* **Instructions for the task**
Repeat the data in full. Every line must match.

* **Data to process**
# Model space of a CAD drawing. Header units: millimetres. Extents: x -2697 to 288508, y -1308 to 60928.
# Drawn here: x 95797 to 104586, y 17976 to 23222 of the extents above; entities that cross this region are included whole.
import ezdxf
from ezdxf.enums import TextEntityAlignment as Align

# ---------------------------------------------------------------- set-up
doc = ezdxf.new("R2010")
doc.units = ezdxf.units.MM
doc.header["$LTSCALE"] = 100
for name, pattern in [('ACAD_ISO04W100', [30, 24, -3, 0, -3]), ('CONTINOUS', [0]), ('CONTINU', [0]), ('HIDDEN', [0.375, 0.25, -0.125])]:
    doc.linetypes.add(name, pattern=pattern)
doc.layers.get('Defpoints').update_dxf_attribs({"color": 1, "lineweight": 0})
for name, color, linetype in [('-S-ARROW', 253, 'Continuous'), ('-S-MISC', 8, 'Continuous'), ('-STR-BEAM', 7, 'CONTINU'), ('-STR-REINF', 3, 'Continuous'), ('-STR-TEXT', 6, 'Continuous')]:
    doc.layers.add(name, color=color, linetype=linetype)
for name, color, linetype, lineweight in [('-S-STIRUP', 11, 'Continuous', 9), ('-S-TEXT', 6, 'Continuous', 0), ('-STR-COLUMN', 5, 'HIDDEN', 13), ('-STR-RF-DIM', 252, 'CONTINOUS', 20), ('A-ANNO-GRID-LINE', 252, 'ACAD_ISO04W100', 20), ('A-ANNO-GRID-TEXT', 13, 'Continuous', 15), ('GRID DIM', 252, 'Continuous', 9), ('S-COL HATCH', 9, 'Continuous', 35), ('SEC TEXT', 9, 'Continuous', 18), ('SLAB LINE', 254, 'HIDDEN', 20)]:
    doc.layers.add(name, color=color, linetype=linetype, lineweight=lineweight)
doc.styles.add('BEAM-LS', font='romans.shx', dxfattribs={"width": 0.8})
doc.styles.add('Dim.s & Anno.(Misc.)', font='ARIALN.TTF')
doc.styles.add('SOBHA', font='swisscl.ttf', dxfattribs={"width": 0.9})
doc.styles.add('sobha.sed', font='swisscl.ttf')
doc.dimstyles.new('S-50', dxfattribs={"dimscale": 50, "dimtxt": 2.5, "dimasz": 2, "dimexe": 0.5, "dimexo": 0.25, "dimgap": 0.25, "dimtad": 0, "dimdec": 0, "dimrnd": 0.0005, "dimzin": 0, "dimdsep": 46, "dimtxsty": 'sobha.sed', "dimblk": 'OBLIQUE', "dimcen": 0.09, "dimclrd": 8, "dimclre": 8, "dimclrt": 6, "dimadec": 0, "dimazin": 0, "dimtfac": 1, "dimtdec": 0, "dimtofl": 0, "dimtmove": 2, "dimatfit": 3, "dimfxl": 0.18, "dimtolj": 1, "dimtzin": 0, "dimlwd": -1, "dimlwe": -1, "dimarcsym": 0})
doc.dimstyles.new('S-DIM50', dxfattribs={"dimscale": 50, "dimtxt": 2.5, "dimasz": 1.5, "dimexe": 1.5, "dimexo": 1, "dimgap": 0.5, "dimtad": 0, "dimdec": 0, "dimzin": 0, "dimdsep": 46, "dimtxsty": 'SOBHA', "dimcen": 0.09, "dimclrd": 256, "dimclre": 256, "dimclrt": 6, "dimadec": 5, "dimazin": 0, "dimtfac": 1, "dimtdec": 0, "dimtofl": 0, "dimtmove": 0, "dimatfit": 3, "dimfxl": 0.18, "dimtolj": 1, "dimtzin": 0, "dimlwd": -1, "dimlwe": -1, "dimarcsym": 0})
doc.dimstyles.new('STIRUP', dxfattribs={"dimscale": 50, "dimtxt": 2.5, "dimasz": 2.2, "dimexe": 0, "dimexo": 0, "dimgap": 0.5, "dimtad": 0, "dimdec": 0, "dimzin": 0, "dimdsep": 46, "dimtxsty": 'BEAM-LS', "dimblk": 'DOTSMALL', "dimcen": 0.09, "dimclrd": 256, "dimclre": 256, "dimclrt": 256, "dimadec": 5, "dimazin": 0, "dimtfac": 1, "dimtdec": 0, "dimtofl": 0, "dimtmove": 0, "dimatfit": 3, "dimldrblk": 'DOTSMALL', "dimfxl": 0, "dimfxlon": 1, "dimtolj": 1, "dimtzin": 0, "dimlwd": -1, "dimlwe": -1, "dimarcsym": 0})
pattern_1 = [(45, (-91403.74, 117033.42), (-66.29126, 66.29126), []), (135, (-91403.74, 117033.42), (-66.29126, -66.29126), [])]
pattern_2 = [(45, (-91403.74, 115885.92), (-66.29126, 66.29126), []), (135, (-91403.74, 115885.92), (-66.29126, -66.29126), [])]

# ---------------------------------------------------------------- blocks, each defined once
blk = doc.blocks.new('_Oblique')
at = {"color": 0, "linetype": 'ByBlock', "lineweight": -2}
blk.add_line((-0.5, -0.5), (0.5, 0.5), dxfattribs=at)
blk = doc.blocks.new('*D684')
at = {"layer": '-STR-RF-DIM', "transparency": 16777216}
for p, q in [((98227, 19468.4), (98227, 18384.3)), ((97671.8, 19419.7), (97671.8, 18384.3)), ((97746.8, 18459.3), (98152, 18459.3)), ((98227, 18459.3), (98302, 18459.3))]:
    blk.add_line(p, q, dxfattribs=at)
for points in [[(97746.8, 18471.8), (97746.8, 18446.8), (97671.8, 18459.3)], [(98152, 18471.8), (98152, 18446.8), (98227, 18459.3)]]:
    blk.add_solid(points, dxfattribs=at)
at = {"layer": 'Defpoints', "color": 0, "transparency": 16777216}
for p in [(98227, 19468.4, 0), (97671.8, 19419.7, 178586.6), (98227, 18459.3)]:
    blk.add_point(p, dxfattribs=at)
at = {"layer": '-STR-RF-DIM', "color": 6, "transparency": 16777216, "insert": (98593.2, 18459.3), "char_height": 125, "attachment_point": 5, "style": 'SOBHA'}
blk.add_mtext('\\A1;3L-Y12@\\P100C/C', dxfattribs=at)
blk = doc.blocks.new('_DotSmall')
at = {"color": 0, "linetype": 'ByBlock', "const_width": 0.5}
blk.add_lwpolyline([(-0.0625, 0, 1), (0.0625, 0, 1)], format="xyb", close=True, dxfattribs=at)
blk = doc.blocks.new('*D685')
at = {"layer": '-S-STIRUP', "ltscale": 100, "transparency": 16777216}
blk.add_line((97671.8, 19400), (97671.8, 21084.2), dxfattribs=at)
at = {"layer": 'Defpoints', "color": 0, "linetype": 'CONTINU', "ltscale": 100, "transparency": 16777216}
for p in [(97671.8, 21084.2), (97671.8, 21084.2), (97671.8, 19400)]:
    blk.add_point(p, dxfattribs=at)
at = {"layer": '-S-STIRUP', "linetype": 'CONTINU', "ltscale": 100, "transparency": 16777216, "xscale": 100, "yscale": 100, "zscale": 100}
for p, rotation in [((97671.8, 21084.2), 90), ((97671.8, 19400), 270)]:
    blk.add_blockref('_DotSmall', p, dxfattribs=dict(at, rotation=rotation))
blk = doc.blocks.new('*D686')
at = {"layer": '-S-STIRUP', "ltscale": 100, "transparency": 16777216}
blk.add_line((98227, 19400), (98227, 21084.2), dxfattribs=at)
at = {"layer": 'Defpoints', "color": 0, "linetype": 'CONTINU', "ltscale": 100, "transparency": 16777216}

* **Answer to this exercise**
# Model space of a CAD drawing. Header units: millimetres. Extents: x -2697 to 288508, y -1308 to 60928.
# Drawn here: x 95797 to 104586, y 17976 to 23222 of the extents above; entities that cross this region are included whole.
import ezdxf
from ezdxf.enums import TextEntityAlignment as Align

# ---------------------------------------------------------------- set-up
doc = ezdxf.new("R2010")
doc.units = ezdxf.units.MM
doc.header["$LTSCALE"] = 100
for name, pattern in [('ACAD_ISO04W100', [30, 24, -3, 0, -3]), ('CONTINOUS', [0]), ('CONTINU', [0]), ('HIDDEN', [0.375, 0.25, -0.125])]:
    doc.linetypes.add(name, pattern=pattern)
doc.layers.get('Defpoints').update_dxf_attribs({"color": 1, "lineweight": 0})
for name, color, linetype in [('-S-ARROW', 253, 'Continuous'), ('-S-MISC', 8, 'Continuous'), ('-STR-BEAM', 7, 'CONTINU'), ('-STR-REINF', 3, 'Continuous'), ('-STR-TEXT', 6, 'Continuous')]:
    doc.layers.add(name, color=color, linetype=linetype)
for name, color, linetype, lineweight in [('-S-STIRUP', 11, 'Continuous', 9), ('-S-TEXT', 6, 'Continuous', 0), ('-STR-COLUMN', 5, 'HIDDEN', 13), ('-STR-RF-DIM', 252, 'CONTINOUS', 20), ('A-ANNO-GRID-LINE', 252, 'ACAD_ISO04W100', 20), ('A-ANNO-GRID-TEXT', 13, 'Continuous', 15), ('GRID DIM', 252, 'Continuous', 9), ('S-COL HATCH', 9, 'Continuous', 35), ('SEC TEXT', 9, 'Continuous', 18), ('SLAB LINE', 254, 'HIDDEN', 20)]:
    doc.layers.add(name, color=color, linetype=linetype, lineweight=lineweight)
doc.styles.add('BEAM-LS', font='romans.shx', dxfattribs={"width": 0.8})
doc.styles.add('Dim.s & Anno.(Misc.)', font='ARIALN.TTF')
doc.styles.add('SOBHA', font='swisscl.ttf', dxfattribs={"width": 0.9})
doc.styles.add('sobha.sed', font='swisscl.ttf')
doc.dimstyles.new('S-50', dxfattribs={"dimscale": 50, "dimtxt": 2.5, "dimasz": 2, "dimexe": 0.5, "dimexo": 0.25, "dimgap": 0.25, "dimtad": 0, "dimdec": 0, "dimrnd": 0.0005, "dimzin": 0, "dimdsep": 46, "dimtxsty": 'sobha.sed', "dimblk": 'OBLIQUE', "dimcen": 0.09, "dimclrd": 8, "dimclre": 8, "dimclrt": 6, "dimadec": 0, "dimazin": 0, "dimtfac": 1, "dimtdec": 0, "dimtofl": 0, "dimtmove": 2, "dimatfit": 3, "dimfxl": 0.18, "dimtolj": 1, "dimtzin": 0, "dimlwd": -1, "dimlwe": -1, "dimarcsym": 0})
doc.dimstyles.new('S-DIM50', dxfattribs={"dimscale": 50, "dimtxt": 2.5, "dimasz": 1.5, "dimexe": 1.5, "dimexo": 1, "dimgap": 0.5, "dimtad": 0, "dimdec": 0, "dimzin": 0, "dimdsep": 46, "dimtxsty": 'SOBHA', "dimcen": 0.09, "dimclrd": 256, "dimclre": 256, "dimclrt": 6, "dimadec": 5, "dimazin": 0, "dimtfac": 1, "dimtdec": 0, "dimtofl": 0, "dimtmove": 0, "dimatfit": 3, "dimfxl": 0.18, "dimtolj": 1, "dimtzin": 0, "dimlwd": -1, "dimlwe": -1, "dimarcsym": 0})
doc.dimstyles.new('STIRUP', dxfattribs={"dimscale": 50, "dimtxt": 2.5, "dimasz": 2.2, "dimexe": 0, "dimexo": 0, "dimgap": 0.5, "dimtad": 0, "dimdec": 0, "dimzin": 0, "dimdsep": 46, "dimtxsty": 'BEAM-LS', "dimblk": 'DOTSMALL', "dimcen": 0.09, "dimclrd": 256, "dimclre": 256, "dimclrt": 256, "dimadec": 5, "dimazin": 0, "dimtfac": 1, "dimtdec": 0, "dimtofl": 0, "dimtmove": 0, "dimatfit": 3, "dimldrblk": 'DOTSMALL', "dimfxl": 0, "dimfxlon": 1, "dimtolj": 1, "dimtzin": 0, "dimlwd": -1, "dimlwe": -1, "dimarcsym": 0})
pattern_1 = [(45, (-91403.74, 117033.42), (-66.29126, 66.29126), []), (135, (-91403.74, 117033.42), (-66.29126, -66.29126), [])]
pattern_2 = [(45, (-91403.74, 115885.92), (-66.29126, 66.29126), []), (135, (-91403.74, 115885.92), (-66.29126, -66.29126), [])]

# ---------------------------------------------------------------- blocks, each defined once
blk = doc.blocks.new('_Oblique')
at = {"color": 0, "linetype": 'ByBlock', "lineweight": -2}
blk.add_line((-0.5, -0.5), (0.5, 0.5), dxfattribs=at)
blk = doc.blocks.new('*D684')
at = {"layer": '-STR-RF-DIM', "transparency": 16777216}
for p, q in [((98227, 19468.4), (98227, 18384.3)), ((97671.8, 19419.7), (97671.8, 18384.3)), ((97746.8, 18459.3), (98152, 18459.3)), ((98227, 18459.3), (98302, 18459.3))]:
    blk.add_line(p, q, dxfattribs=at)
for points in [[(97746.8, 18471.8), (97746.8, 18446.8), (97671.8, 18459.3)], [(98152, 18471.8), (98152, 18446.8), (98227, 18459.3)]]:
    blk.add_solid(points, dxfattribs=at)
at = {"layer": 'Defpoints', "color": 0, "transparency": 16777216}
for p in [(98227, 19468.4, 0), (97671.8, 19419.7, 178586.6), (98227, 18459.3)]:
    blk.add_point(p, dxfattribs=at)
at = {"layer": '-STR-RF-DIM', "color": 6, "transparency": 16777216, "insert": (98593.2, 18459.3), "char_height": 125, "attachment_point": 5, "style": 'SOBHA'}
blk.add_mtext('\\A1;3L-Y12@\\P100C/C', dxfattribs=at)
blk = doc.blocks.new('_DotSmall')
at = {"color": 0, "linetype": 'ByBlock', "const_width": 0.5}
blk.add_lwpolyline([(-0.0625, 0, 1), (0.0625, 0, 1)], format="xyb", close=True, dxfattribs=at)
blk = doc.blocks.new('*D685')
at = {"layer": '-S-STIRUP', "ltscale": 100, "transparency": 16777216}
blk.add_line((97671.8, 19400), (97671.8, 21084.2), dxfattribs=at)
at = {"layer": 'Defpoints', "color": 0, "linetype": 'CONTINU', "ltscale": 100, "transparency": 16777216}
for p in [(97671.8, 21084.2), (97671.8, 21084.2), (97671.8, 19400)]:
    blk.add_point(p, dxfattribs=at)
at = {"layer": '-S-STIRUP', "linetype": 'CONTINU', "ltscale": 100, "transparency": 16777216, "xscale": 100, "yscale": 100, "zscale": 100}
for p, rotation in [((97671.8, 21084.2), 90), ((97671.8, 19400), 270)]:
    blk.add_blockref('_DotSmall', p, dxfattribs=dict(at, rotation=rotation))
blk = doc.blocks.new('*D686')
at = {"layer": '-S-STIRUP', "ltscale": 100, "transparency": 16777216}
blk.add_line((98227, 19400), (98227, 21084.2), dxfattribs=at)
at = {"layer": 'Defpoints', "color": 0, "linetype": 'CONTINU', "ltscale": 100, "transparency": 16777216}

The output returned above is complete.